=== Begin Enclosure ===
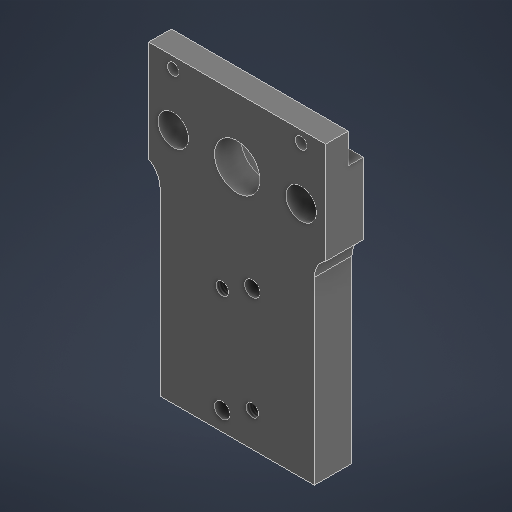
# Autodesk Inventor part: Lap2
Saved by Autodesk Inventor 2025 (Build 290162010, 162A)
## iProperties
Created: 2025-01-17
Part Number: Lap2
Material: Steel, Carbon
Document SubType Name: Modeling
Designer: Tanár
Density: 7.85 g/cm^3
Appearance: Gray
Author: Tanár
Autodesk Inventor part; units mm, degrees
ref_plane "YZ Plane" through (0, 0, 0) normal (1, 0, 0) x (0, 1, 0)
ref_plane "XZ Plane" through (0, 0, 0) normal (0, 1, 0) x (-1, 0, 0)
ref_plane "XY Plane" through (0, 0, 0) normal (0, 0, 1) x (1, 0, 0)
sketch "Sketch1" plane through (0, 0, 0) normal (0, 0, 1) x (1, 0, 0)
  line L0 (0, 40) -> (0, -40)
  line L1 (0, 40) -> (23.5, 40)
  line L2 (23.5, 40) -> (23.5, 13)
  arc A0 (23.5, 13) -> (20.5, 7.8038) centre (26.5, 7.8038) ccw
  line L3 (20.5, 7.8038) -> (20.5, -40)
  line L4 (20.5, -40) -> (0, -40)
  line L5 (0, 40) -> (-23.5, 40)
  line L6 (-23.5, 40) -> (-23.5, 13)
  arc A1 (-20.5, 7.8038) -> (-23.5, 13) centre (-26.5, 7.8038) ccw
  line L7 (-20.5, 7.8038) -> (-20.5, -40)
  line L8 (-20.5, -40) -> (0, -40)
  point P0 (0, 0)
  point P1 (0, 0)
  point P2 (10.25, -40)
  dimension "d0" = 47
  dimension "d1" = 80
  dimension "d2" = 27
  dimension "d3" = 41
  dimension "d4" = 6
  constraints: 18 end point, 5 symmetric about line, 4 point on circle, 2 centre point, 2 midpoint, 2 perpendicular, 2 vertical, 1 coincident, 1 horizontal, 1 tangent, 1 other
  measures "d0" diameter of L2 L0
  measures "d1" distance from line of point (10.25, -40) L1
  measures "d2" distance of L1.end L2.end
  measures "d3" diameter of L3 L0
  measures "d4" radius of A0
extrude "Extrusion1" add sketch "Sketch1" along normal mid plane 10
sketch "Sketch2" plane through (23.5, 13, 5) normal (1, 0, 0) x (0, 0, -1)
  line L0 (10, 27) -> (0, 27) projected
  line L1 (6, 27) -> (6, 19)
  line L2 (6, 19) -> (10, 19)
  line L3 (10, 27) -> (10, 0) projected
  point P0 (5, -13)
  dimension "d7" = 8
  dimension "d8" = 4
  constraints: 4 end point, 2 point on line, 1 perpendicular, 1 vertical
  measures "d7" distance of L1.start L1.end
  measures "d8" distance of L1.end L2.end
extrude "Extrusion2" cut sketch "Sketch2" against normal through all
sketch "Sketch3" plane through (0, 0, -5) normal (0, 0, -1) x (-1, 0, 0)
  line L0 (-23.5, 40) -> (23.5, 40) projected
  line L1 (0, 40) -> (0, -40)
  line L2 (-20.5, -40) -> (20.5, -40) projected
  line L3 (-20.5, 7.8038) -> (-20.5, -40) projected
  point P0 (0, 0)
  point P1 (-17, 23)
  point P2 (0, 23)
  point P3 (17, 23)
  point P4 (-4, -3)
  point P5 (4, -7)
  point P6 (-4, -31)
  point P7 (4, -35)
  dimension "d11" = 17
  dimension "d12" = 34
  dimension "d13" = 5
  dimension "d14" = 32
  dimension "d15" = 4
  dimension "d16" = 24
  dimension "d17" = 16.5
  dimension "d18" = 24.5
  constraints: 3 vertical alignment, 2 end point, 2 horizontal alignment, 2 midpoint, 1 symmetric about line
  measures "d11" distance from line of L0 point (17, 23)
  measures "d12" distance of point (17, 23) point (-17, 23)
  measures "d13" distance from line of point (4, -35) L2
  measures "d14" vertical distance of point (-4, -3) point (4, -35)
  measures "d15" vertical distance of point (4, -7) point (-4, -3)
  measures "d16" vertical distance of point (-4, -31) point (4, -7)
  measures "d17" distance from line of point (-4, -31) L3
  measures "d18" distance from line of L3 point (4, -35)
hole "Hole1" at (-4, -35, -5) at (4, -3, -5) direction (0, 0, 1) diameter 4 end through all
hole "Hole2" at (4, -31, -5) at (-4, -7, -5) direction (0, 0, 1) diameter 3.242 end through all thread size "M4x0.7" class "6H" standard "ISO Metric profile"
hole "Hole3" at (17, 23, -5) at (-17, 23, -5) direction (0, 0, 1) diameter 8 end through all
hole "Hole4" at (0, 23, -5) direction (0, 0, 1) diameter 12 end through all counterbore diameter 16 counterbore depth 3
sketch "Sketch5" plane through (23.5, 32, -1) normal (0, 0, -1) x (-1, 0, 0)
  line L0 (0, 8) -> (47, 8) projected
  line L1 (23.5, 8) -> (23.5, 5)
  line L2 (23.5, 5) -> (40.5, 5)
  line L3 (40.5, 5) -> (6.5, 5)
  circle A0 centre (6.5, 5) radius 1.5
  circle A1 centre (40.5, 5) radius 1.5
  point P0 (23.5, -32)
  dimension "d58" = 3
  dimension "d59" = 17
  dimension "d60" = 34
  dimension "d61" = 3
  dimension "d62" = 3
  constraints: 6 end point, 2 centre point, 2 coincident, 1 midpoint, 1 perpendicular, 1 point on line, 1 vertical
  measures "d58" distance of L1.start L1.end
  measures "d59" distance of L1.end L2.end
  measures "d60" distance of L2.end L3.end
  measures "d61" diameter of A0
  measures "d62" diameter of A1
extrude "Extrusion4" cut sketch "Sketch5" against normal blind 10
body "Solid1"
=== End Enclosure ===
Directions for this task
Up to and including the line containing "Author: Tanár", repeat every line from the start of the data, but none of the pictures.

Answer to this problem
# Autodesk Inventor part: Lap2
Saved by Autodesk Inventor 2025 (Build 290162010, 162A)
## iProperties
Created: 2025-01-17
Part Number: Lap2
Material: Steel, Carbon
Document SubType Name: Modeling
Designer: Tanár
Density: 7.85 g/cm^3
Appearance: Gray
Author: Tanár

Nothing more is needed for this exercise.